Dataset entries

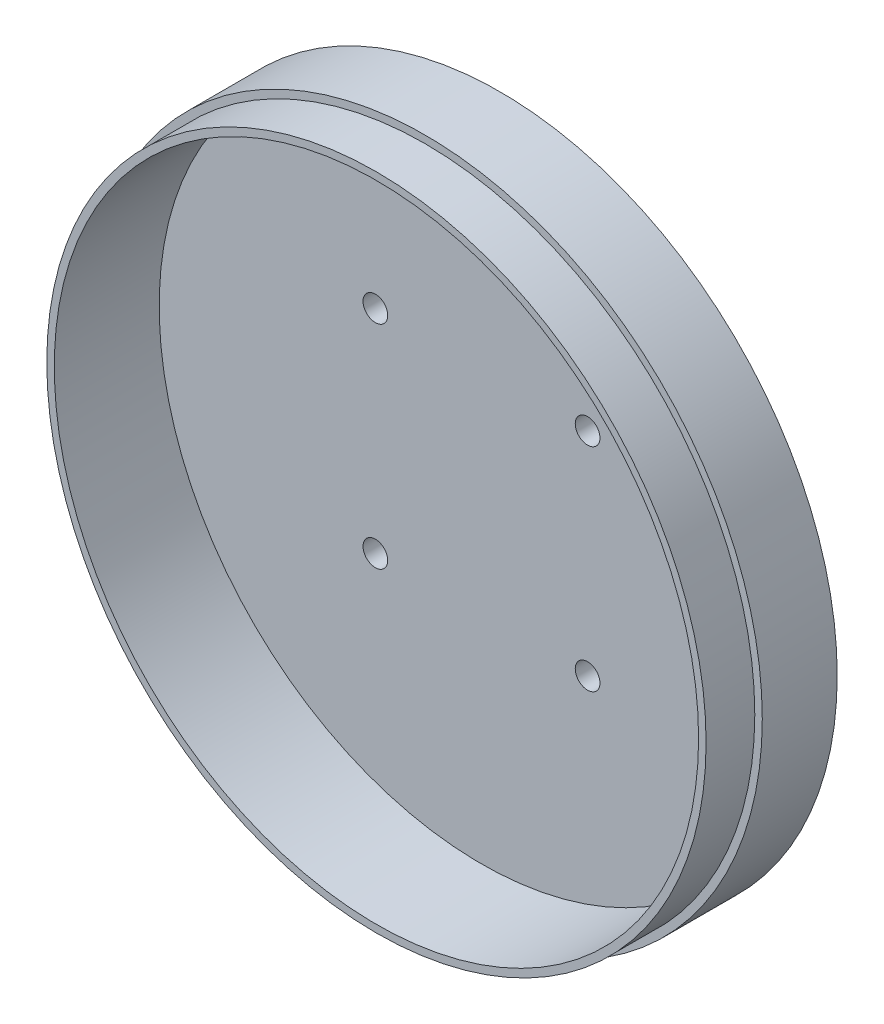
from build123d import *

# Parameters (mm, degrees)
SKETCH1_R           = 44
SKETCH1_R_2         = 43
BOSS_EXTRUDE1_DEPTH = 14
SKETCH1_4_R         = 44
SKETCH1_4_R_2       = 43
BOSS_EXTRUDE2_DEPTH = 2.5
SKETCH5_W           = 1.65
SKETCH5_H           = 2.5
CIRPATTERN1_COUNT   = 4
SKETCH6_R           = 45
SKETCH6_R_2         = 44
BOSS_EXTRUDE3_DEPTH = 10


with BuildPart() as part:
    # Sketch1 → Boss-Extrude1 (new body)
    with BuildSketch(Plane.XY):
        Circle(SKETCH1_R)
        Circle(SKETCH1_R_2, mode=Mode.SUBTRACT)
    extrude(amount=BOSS_EXTRUDE1_DEPTH)



with BuildPart() as body_2:
    # Sketch1<4> → Boss-Extrude2 (new body)
    # profile 1 of 2: a face of its own
    with BuildSketch(Plane.XY):
        Circle(SKETCH1_4_R)
        Circle(SKETCH1_4_R_2, mode=Mode.SUBTRACT)
    # profile 2 of 2: a face of its own
    with BuildSketch(Plane.XY):
        Circle(SKETCH1_4_R_2)
    extrude(amount=-BOSS_EXTRUDE2_DEPTH)

    # Sketch5 → M4x0.7 Tapped Hole1 (revolve, cut)
    with BuildSketch(Plane(origin=(-14.142135624, 14.142135624, -2.5), x_dir=(0, 1, 0), z_dir=(1, 0, 0))):
        with Locations((0.825, 1.25)):
            Rectangle(SKETCH5_W, SKETCH5_H)
    m4x0_7_tapped_hole1 = revolve(axis=Axis((-14.142135624, 14.142135624, -8.85), (0, 0, 1)), mode=Mode.SUBTRACT)

    # CirPattern1: M4x0.7 Tapped Hole1 ×4 about axis
    cirpattern1_axis = Axis((0.019915384, -0.019915384, 0), (0, 0, 1))
    for i in range(1, CIRPATTERN1_COUNT):
        add(m4x0_7_tapped_hole1.rotate(cirpattern1_axis, i * 360 / CIRPATTERN1_COUNT), mode=Mode.SUBTRACT)


with BuildPart() as part_1:
    add(part.part)

    add(body_2.part)  # Boss-Extrude3 merges body 2
    # Sketch6 → Boss-Extrude3 (add)
    with BuildSketch(Plane(origin=(0, 0, -2.5), x_dir=(-1, 0, 0), z_dir=(0, 0, -1))):
        Circle(SKETCH6_R)
        Circle(SKETCH6_R_2, mode=Mode.SUBTRACT)
    extrude(amount=-BOSS_EXTRUDE3_DEPTH)


solid = part_1.part
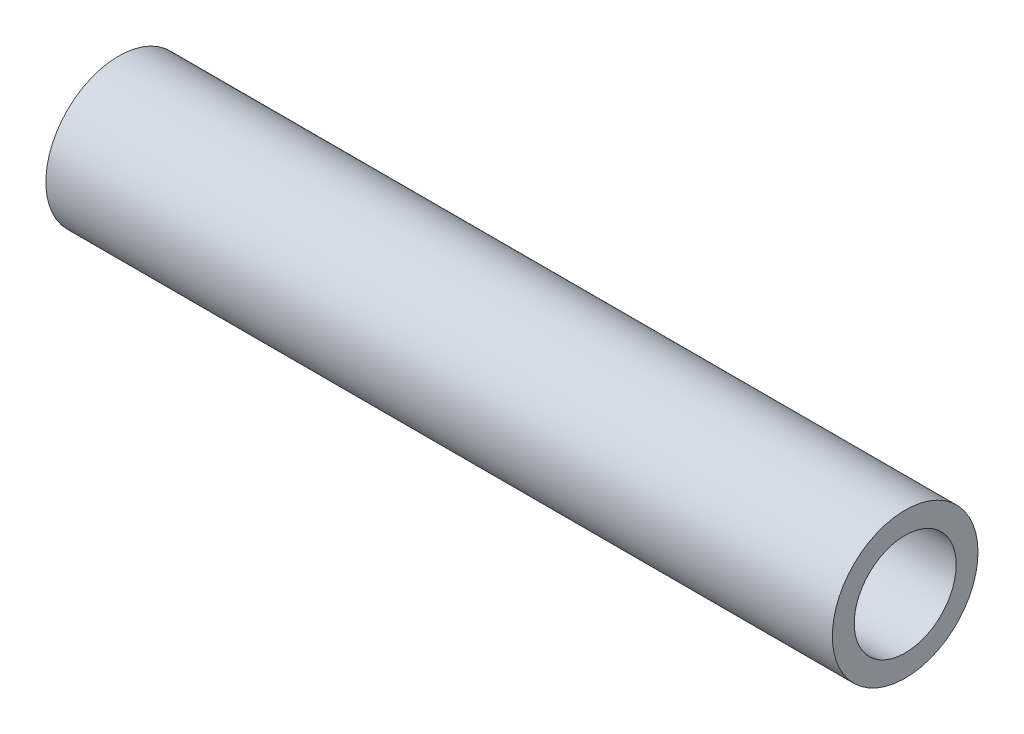
from build123d import *

# Parameters (mm, degrees)
SALIENTE_EXTRUIR1_DEPTH      = 13.5
SALIENTE_EXTRUIR1_DEPTH_BACK = 13.5
CROQUIS1_R                   = 2.5
CROQUIS1_R_2                 = 1.75


with BuildPart() as part:
    # Croquis1 → Saliente-Extruir1 (new, two sides: drawn at the far end of the back side and taken through both)
    with BuildSketch(Plane(origin=(0, 0, 0), x_dir=(0, 0, -1), z_dir=(1, 0, 0)).offset(-SALIENTE_EXTRUIR1_DEPTH_BACK)):
        Circle(CROQUIS1_R)
        Circle(CROQUIS1_R_2, mode=Mode.SUBTRACT)
    extrude(amount=SALIENTE_EXTRUIR1_DEPTH + SALIENTE_EXTRUIR1_DEPTH_BACK)


solid = part.part

> [Exercise instructions] Output a verbatim copy of the entries and skip the pictures.

> [Answer area]
from build123d import *

# Parameters (mm, degrees)
SKETCH1_R           = 44
SKETCH1_R_2         = 43
BOSS_EXTRUDE1_DEPTH = 14
SKETCH1_4_R         = 44
SKETCH1_4_R_2       = 43
BOSS_EXTRUDE2_DEPTH = 2.5
SKETCH5_W           = 1.65
SKETCH5_H           = 2.5
CIRPATTERN1_COUNT   = 4
SKETCH6_R           = 45
SKETCH6_R_2         = 44
BOSS_EXTRUDE3_DEPTH = 10


with BuildPart() as part:
    # Sketch1 → Boss-Extrude1 (new body)
    with BuildSketch(Plane.XY):
        Circle(SKETCH1_R)
        Circle(SKETCH1_R_2, mode=Mode.SUBTRACT)
    extrude(amount=BOSS_EXTRUDE1_DEPTH)



with BuildPart() as body_2:
    # Sketch1<4> → Boss-Extrude2 (new body)
    # profile 1 of 2: a face of its own
    with BuildSketch(Plane.XY):
        Circle(SKETCH1_4_R)
        Circle(SKETCH1_4_R_2, mode=Mode.SUBTRACT)
    # profile 2 of 2: a face of its own
    with BuildSketch(Plane.XY):
        Circle(SKETCH1_4_R_2)
    extrude(amount=-BOSS_EXTRUDE2_DEPTH)

    # Sketch5 → M4x0.7 Tapped Hole1 (revolve, cut)
    with BuildSketch(Plane(origin=(-14.142135624, 14.142135624, -2.5), x_dir=(0, 1, 0), z_dir=(1, 0, 0))):
        with Locations((0.825, 1.25)):
            Rectangle(SKETCH5_W, SKETCH5_H)
    m4x0_7_tapped_hole1 = revolve(axis=Axis((-14.142135624, 14.142135624, -8.85), (0, 0, 1)), mode=Mode.SUBTRACT)

    # CirPattern1: M4x0.7 Tapped Hole1 ×4 about axis
    cirpattern1_axis = Axis((0.019915384, -0.019915384, 0), (0, 0, 1))
    for i in range(1, CIRPATTERN1_COUNT):
        add(m4x0_7_tapped_hole1.rotate(cirpattern1_axis, i * 360 / CIRPATTERN1_COUNT), mode=Mode.SUBTRACT)


with BuildPart() as part_1:
    add(part.part)

    add(body_2.part)  # Boss-Extrude3 merges body 2
    # Sketch6 → Boss-Extrude3 (add)
    with BuildSketch(Plane(origin=(0, 0, -2.5), x_dir=(-1, 0, 0), z_dir=(0, 0, -1))):
        Circle(SKETCH6_R)
        Circle(SKETCH6_R_2, mode=Mode.SUBTRACT)
    extrude(amount=-BOSS_EXTRUDE3_DEPTH)


solid = part_1.part
from build123d import *

# Parameters (mm, degrees)
SALIENTE_EXTRUIR1_DEPTH      = 13.5
SALIENTE_EXTRUIR1_DEPTH_BACK = 13.5
CROQUIS1_R                   = 2.5
CROQUIS1_R_2                 = 1.75


with BuildPart() as part:
    # Croquis1 → Saliente-Extruir1 (new, two sides: drawn at the far end of the back side and taken through both)
    with BuildSketch(Plane(origin=(0, 0, 0), x_dir=(0, 0, -1), z_dir=(1, 0, 0)).offset(-SALIENTE_EXTRUIR1_DEPTH_BACK)):
        Circle(CROQUIS1_R)
        Circle(CROQUIS1_R_2, mode=Mode.SUBTRACT)
    extrude(amount=SALIENTE_EXTRUIR1_DEPTH + SALIENTE_EXTRUIR1_DEPTH_BACK)


solid = part.part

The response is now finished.